Il procuratore della Repubblica napoletano, con nota del 19.3.2003, decretava la restituzione degli atti "alla cancelleria di provenienza per gli adempimenti amministrativi di sua competenza, non risultando alcuna esecuzione di cui debba occuparsi l'ufficio del pubblico ministero".
Il tribunale del riesame, di ufficio, con provvedimento del 25.3.2003 (qualificato "come ordinanza relativa alla esecuzione dell'ordinanza" pregressa), disponeva nuovamente la restituzione degli atti alla procura della Repubblica sul presupposto che non è configuratole un conflitto di competenza tra pubblico ministero e giudice. In data 15.4.2003 il procuratore della Repubblica proponeva incidente di esecuzione;
e il tribunale, previa trattazione camerale nel contraddittorio delle parti, con ordinanza del 19.6.2003, dichiarava la competenza funzionale del procuratore della Repubblica di Napoli per l'esecuzione dell'ordinanza di dissequestro in favore della predetta Di ME, disponendo ancora la trasmissione degli atti allo stesso ufficio del pubblico ministero, "competente per l'esecuzione della presente ordinanza, per l'ulteriore corso".

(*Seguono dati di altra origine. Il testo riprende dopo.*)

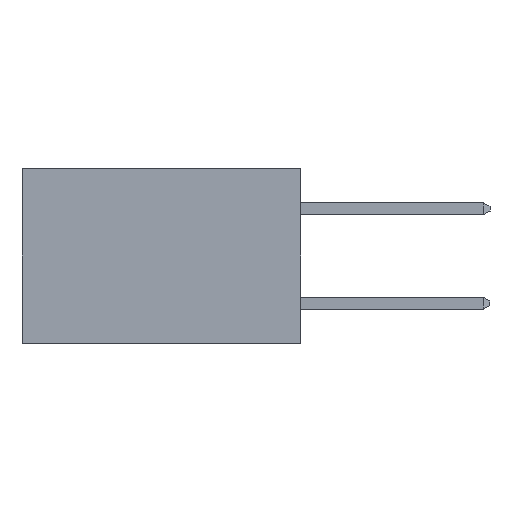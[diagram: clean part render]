
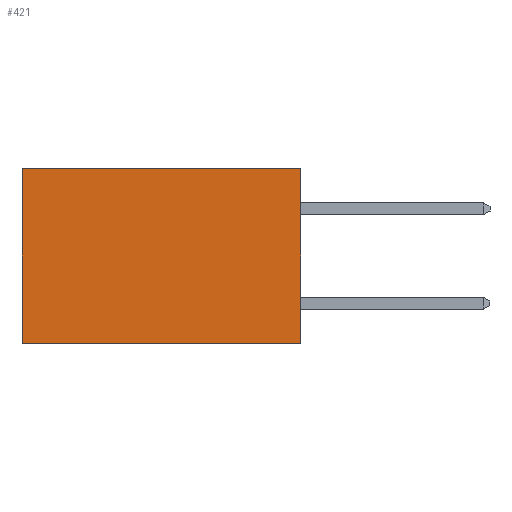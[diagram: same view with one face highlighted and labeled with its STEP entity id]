
A CAD part, left-side view. The second image highlights one B-rep face of the part: STEP entity #421.
In plain terms, the highlighted planar face has unit normal (-1, 0, 0).
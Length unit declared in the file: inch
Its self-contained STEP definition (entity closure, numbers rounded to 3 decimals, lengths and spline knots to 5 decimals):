
#214 = LINE ( 'NONE', #1482, #8723 ) ;
#280 = ORIENTED_EDGE ( 'NONE', *, *, #8548, .F. ) ;
#421 = ADVANCED_FACE ( 'NONE', ( #2956 ), #9830, .F. ) ;
#1119 = AXIS2_PLACEMENT_3D ( 'NONE', #8378, #1421, #7871 ) ;
#1421 = DIRECTION ( 'NONE',  ( 1., 0., 0. ) ) ;
#1482 = CARTESIAN_POINT ( 'NONE',  ( 0.277, 0., -0.37 ) ) ;
#1540 = VECTOR ( 'NONE', #4280, 39.37008 ) ;
#1977 = CARTESIAN_POINT ( 'NONE',  ( 0.277, 0., -0.37 ) ) ;
#2505 = ORIENTED_EDGE ( 'NONE', *, *, #3563, .T. ) ;
#2775 = ORIENTED_EDGE ( 'NONE', *, *, #10995, .T. ) ;
#2891 = CARTESIAN_POINT ( 'NONE',  ( 0.277, 0.59, -0.37 ) ) ;
#2956 = FACE_OUTER_BOUND ( 'NONE', #4140, .T. ) ;
#3026 = VERTEX_POINT ( 'NONE', #7375 ) ;
#3420 = CARTESIAN_POINT ( 'NONE',  ( 0.277, 0., 0. ) ) ;
#3563 = EDGE_CURVE ( 'NONE', #9751, #5595, #8681, .T. ) ;
#4140 = EDGE_LOOP ( 'NONE', ( #2505, #4809, #280, #2775 ) ) ;
#4280 = DIRECTION ( 'NONE',  ( 0., 1., 0. ) ) ;
#4809 = ORIENTED_EDGE ( 'NONE', *, *, #8060, .F. ) ;
#5343 = DIRECTION ( 'NONE',  ( 0., 0., -1. ) ) ;
#5595 = VERTEX_POINT ( 'NONE', #2891 ) ;
#6383 = VECTOR ( 'NONE', #5343, 39.37008 ) ;
#6431 = LINE ( 'NONE', #1977, #10690 ) ;
#6559 = CARTESIAN_POINT ( 'NONE',  ( 0.277, 0.59, -0.37 ) ) ;
#7375 = CARTESIAN_POINT ( 'NONE',  ( 0.277, 0., -0.37 ) ) ;
#7720 = VERTEX_POINT ( 'NONE', #10962 ) ;
#7871 = DIRECTION ( 'NONE',  ( 0., 0., -1. ) ) ;
#7952 = DIRECTION ( 'NONE',  ( 0., 1., 0. ) ) ;
#8060 = EDGE_CURVE ( 'NONE', #3026, #5595, #6431, .T. ) ;
#8378 = CARTESIAN_POINT ( 'NONE',  ( 0.277, 0., -0.37 ) ) ;
#8420 = LINE ( 'NONE', #3420, #1540 ) ;
#8548 = EDGE_CURVE ( 'NONE', #7720, #3026, #214, .T. ) ;
#8681 = LINE ( 'NONE', #6559, #6383 ) ;
#8723 = VECTOR ( 'NONE', #9263, 39.37008 ) ;
#9263 = DIRECTION ( 'NONE',  ( 0., 0., -1. ) ) ;
#9751 = VERTEX_POINT ( 'NONE', #11220 ) ;
#9830 = PLANE ( 'NONE',  #1119 ) ;
#10690 = VECTOR ( 'NONE', #7952, 39.37008 ) ;
#10962 = CARTESIAN_POINT ( 'NONE',  ( 0.277, 0., 0. ) ) ;
#10995 = EDGE_CURVE ( 'NONE', #7720, #9751, #8420, .T. ) ;
#11220 = CARTESIAN_POINT ( 'NONE',  ( 0.277, 0.59, 0. ) ) ;
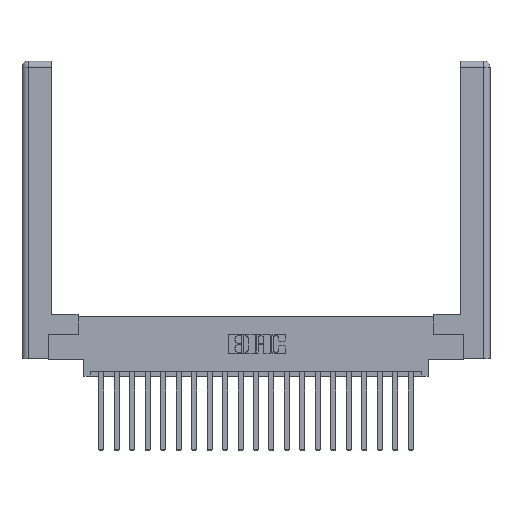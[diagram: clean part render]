
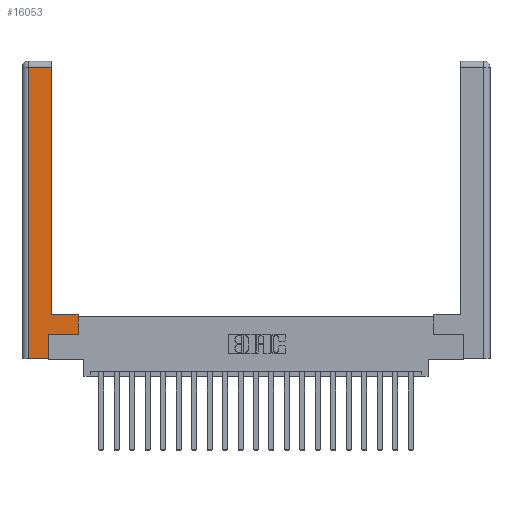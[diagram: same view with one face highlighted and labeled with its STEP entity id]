
A CAD part, top view. The second image highlights one B-rep face of the part: STEP entity #16053.
In plain terms, the highlighted planar face has unit normal (0, 0, 1).
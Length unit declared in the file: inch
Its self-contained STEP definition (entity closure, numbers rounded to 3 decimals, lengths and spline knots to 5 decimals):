
#1025 = EDGE_LOOP ( 'NONE', ( #2402, #13679, #15773, #5606, #17367, #6752, #7089, #11902 ) ) ;
#1282 = EDGE_CURVE ( 'NONE', #5323, #15098, #19819, .T. ) ;
#1612 = VERTEX_POINT ( 'NONE', #16318 ) ;
#1799 = VECTOR ( 'NONE', #15340, 39.37008 ) ;
#2018 = VERTEX_POINT ( 'NONE', #14607 ) ;
#2347 = EDGE_CURVE ( 'NONE', #16727, #2018, #8797, .T. ) ;
#2402 = ORIENTED_EDGE ( 'NONE', *, *, #1282, .T. ) ;
#2989 = EDGE_CURVE ( 'NONE', #15098, #16727, #3352, .T. ) ;
#3352 = LINE ( 'NONE', #15679, #21035 ) ;
#3377 = VECTOR ( 'NONE', #10104, 39.37008 ) ;
#3779 = CARTESIAN_POINT ( 'NONE',  ( 0.295, 0.45, 0. ) ) ;
#4169 = CARTESIAN_POINT ( 'NONE',  ( 0.265, 0., 0. ) ) ;
#4409 = VECTOR ( 'NONE', #17189, 39.37008 ) ;
#4685 = LINE ( 'NONE', #3779, #4409 ) ;
#5323 = VERTEX_POINT ( 'NONE', #17099 ) ;
#5606 = ORIENTED_EDGE ( 'NONE', *, *, #19965, .T. ) ;
#5615 = CARTESIAN_POINT ( 'NONE',  ( 0.0615, 2.94, 0. ) ) ;
#6161 = CARTESIAN_POINT ( 'NONE',  ( 0.565, 0.45, 0. ) ) ;
#6752 = ORIENTED_EDGE ( 'NONE', *, *, #6878, .T. ) ;
#6767 = DIRECTION ( 'NONE',  ( -1., 0., 0. ) ) ;
#6878 = EDGE_CURVE ( 'NONE', #1612, #7124, #9923, .T. ) ;
#7089 = ORIENTED_EDGE ( 'NONE', *, *, #16616, .T. ) ;
#7124 = VERTEX_POINT ( 'NONE', #11795 ) ;
#7265 = LINE ( 'NONE', #17571, #20080 ) ;
#7421 = CARTESIAN_POINT ( 'NONE',  ( 0.0615, 0., 0. ) ) ;
#8481 = CARTESIAN_POINT ( 'NONE',  ( 0., 0., 0. ) ) ;
#8797 = LINE ( 'NONE', #7421, #16954 ) ;
#8834 = VECTOR ( 'NONE', #17017, 39.37008 ) ;
#9476 = CARTESIAN_POINT ( 'NONE',  ( 0.565, 0.245, 0. ) ) ;
#9923 = LINE ( 'NONE', #9476, #8834 ) ;
#10034 = CARTESIAN_POINT ( 'NONE',  ( 0.565, 0.45, 0. ) ) ;
#10104 = DIRECTION ( 'NONE',  ( 0., 1., 0. ) ) ;
#10110 = DIRECTION ( 'NONE',  ( 0., 0., -1. ) ) ;
#10610 = DIRECTION ( 'NONE',  ( 0., 1., 0. ) ) ;
#11795 = CARTESIAN_POINT ( 'NONE',  ( 0.565, 0.245, 0. ) ) ;
#11902 = ORIENTED_EDGE ( 'NONE', *, *, #21126, .T. ) ;
#12249 = EDGE_CURVE ( 'NONE', #21309, #1612, #13855, .T. ) ;
#12256 = AXIS2_PLACEMENT_3D ( 'NONE', #8481, #10110, #6767 ) ;
#12723 = VERTEX_POINT ( 'NONE', #6161 ) ;
#13679 = ORIENTED_EDGE ( 'NONE', *, *, #2989, .T. ) ;
#13855 = LINE ( 'NONE', #19005, #17785 ) ;
#14297 = LINE ( 'NONE', #10034, #3377 ) ;
#14607 = CARTESIAN_POINT ( 'NONE',  ( 0.0615, 0., 0. ) ) ;
#15098 = VERTEX_POINT ( 'NONE', #19940 ) ;
#15340 = DIRECTION ( 'NONE',  ( 0., 1., 0. ) ) ;
#15679 = CARTESIAN_POINT ( 'NONE',  ( 0.0615, 2.94, 0. ) ) ;
#15773 = ORIENTED_EDGE ( 'NONE', *, *, #2347, .T. ) ;
#15960 = DIRECTION ( 'NONE',  ( -1., 0., 0. ) ) ;
#16053 = ADVANCED_FACE ( 'NONE', ( #16980 ), #16989, .F. ) ;
#16318 = CARTESIAN_POINT ( 'NONE',  ( 0.265, 0.245, 0. ) ) ;
#16616 = EDGE_CURVE ( 'NONE', #7124, #12723, #14297, .T. ) ;
#16727 = VERTEX_POINT ( 'NONE', #5615 ) ;
#16954 = VECTOR ( 'NONE', #21049, 39.37008 ) ;
#16980 = FACE_OUTER_BOUND ( 'NONE', #1025, .T. ) ;
#16989 = PLANE ( 'NONE',  #12256 ) ;
#17017 = DIRECTION ( 'NONE',  ( 1., 0., 0. ) ) ;
#17099 = CARTESIAN_POINT ( 'NONE',  ( 0.295, 0.45, 0. ) ) ;
#17189 = DIRECTION ( 'NONE',  ( -1., 0., 0. ) ) ;
#17367 = ORIENTED_EDGE ( 'NONE', *, *, #12249, .T. ) ;
#17571 = CARTESIAN_POINT ( 'NONE',  ( 0.265, 0., 0. ) ) ;
#17785 = VECTOR ( 'NONE', #10610, 39.37008 ) ;
#18533 = CARTESIAN_POINT ( 'NONE',  ( 0.295, 3., 0. ) ) ;
#19005 = CARTESIAN_POINT ( 'NONE',  ( 0.265, 0.245, 0. ) ) ;
#19295 = DIRECTION ( 'NONE',  ( 1., 0., 0. ) ) ;
#19819 = LINE ( 'NONE', #18533, #1799 ) ;
#19940 = CARTESIAN_POINT ( 'NONE',  ( 0.295, 2.94, 0. ) ) ;
#19965 = EDGE_CURVE ( 'NONE', #2018, #21309, #7265, .T. ) ;
#20080 = VECTOR ( 'NONE', #19295, 39.37008 ) ;
#21035 = VECTOR ( 'NONE', #15960, 39.37008 ) ;
#21049 = DIRECTION ( 'NONE',  ( 0., -1., 0. ) ) ;
#21126 = EDGE_CURVE ( 'NONE', #12723, #5323, #4685, .T. ) ;
#21309 = VERTEX_POINT ( 'NONE', #4169 ) ;

Ribadito che non è configurabile un conflitto di competenza tra pubblico ministero e il giudice, il tribunale osservava, richiamando un pronuncia di questa corte, che l'organo deputato alla esecuzione del provvedimento di dissequestro disposto dal giudice è il pubblico ministero, in base alla disposizione generale dettata dall'art. 655, comma 1, c.p.p.. 2 - Il procuratore della Repubblica ha presentato ricorso per cassazione per violazione di legge e abnormità dell'ordinanza. Con una motivazione molto diffusa critica la inusuale prassi applicativa del tribunale napoletano, che sembra derivare storicamente da una impropria generalizzazione dell'obbligo previsto dall'art. 92 disp. att. c.p.p. di trasmettere gli atti al pubblico ministero per l'esecuzione delle misure cautelari disposte dal giudice, e che trasferisce sugli organi ausiliari del p.m. incombenze amministrative strumentali all'esecuzione della cessazione delle misure cautelari reali che invece spettano per legge alla cancelleria del giudice (formazione e/o trasmissione delle copie autentiche del provvedimento giurisdizionale da eseguire alla polizia giudiziaria). In estrema sintesi denuncia contraddizione tra il dispositivo e lo stesso oggetto della procedura (che non riguardava un conflitto di competenza), nonché violazione o falsa applicazione dell'art. 73 dell'ordinamento giudiziario (R.D. 30.1.1941 n. 12), degli artt. 92 e 98 disp, att. c.p.p., degli artt. 306 e 665 c.p.p., degli artt. 655 c.p.p., 29 reg. es. c.p.p., art. 150 DPR 115/2002, artt. 28 ss.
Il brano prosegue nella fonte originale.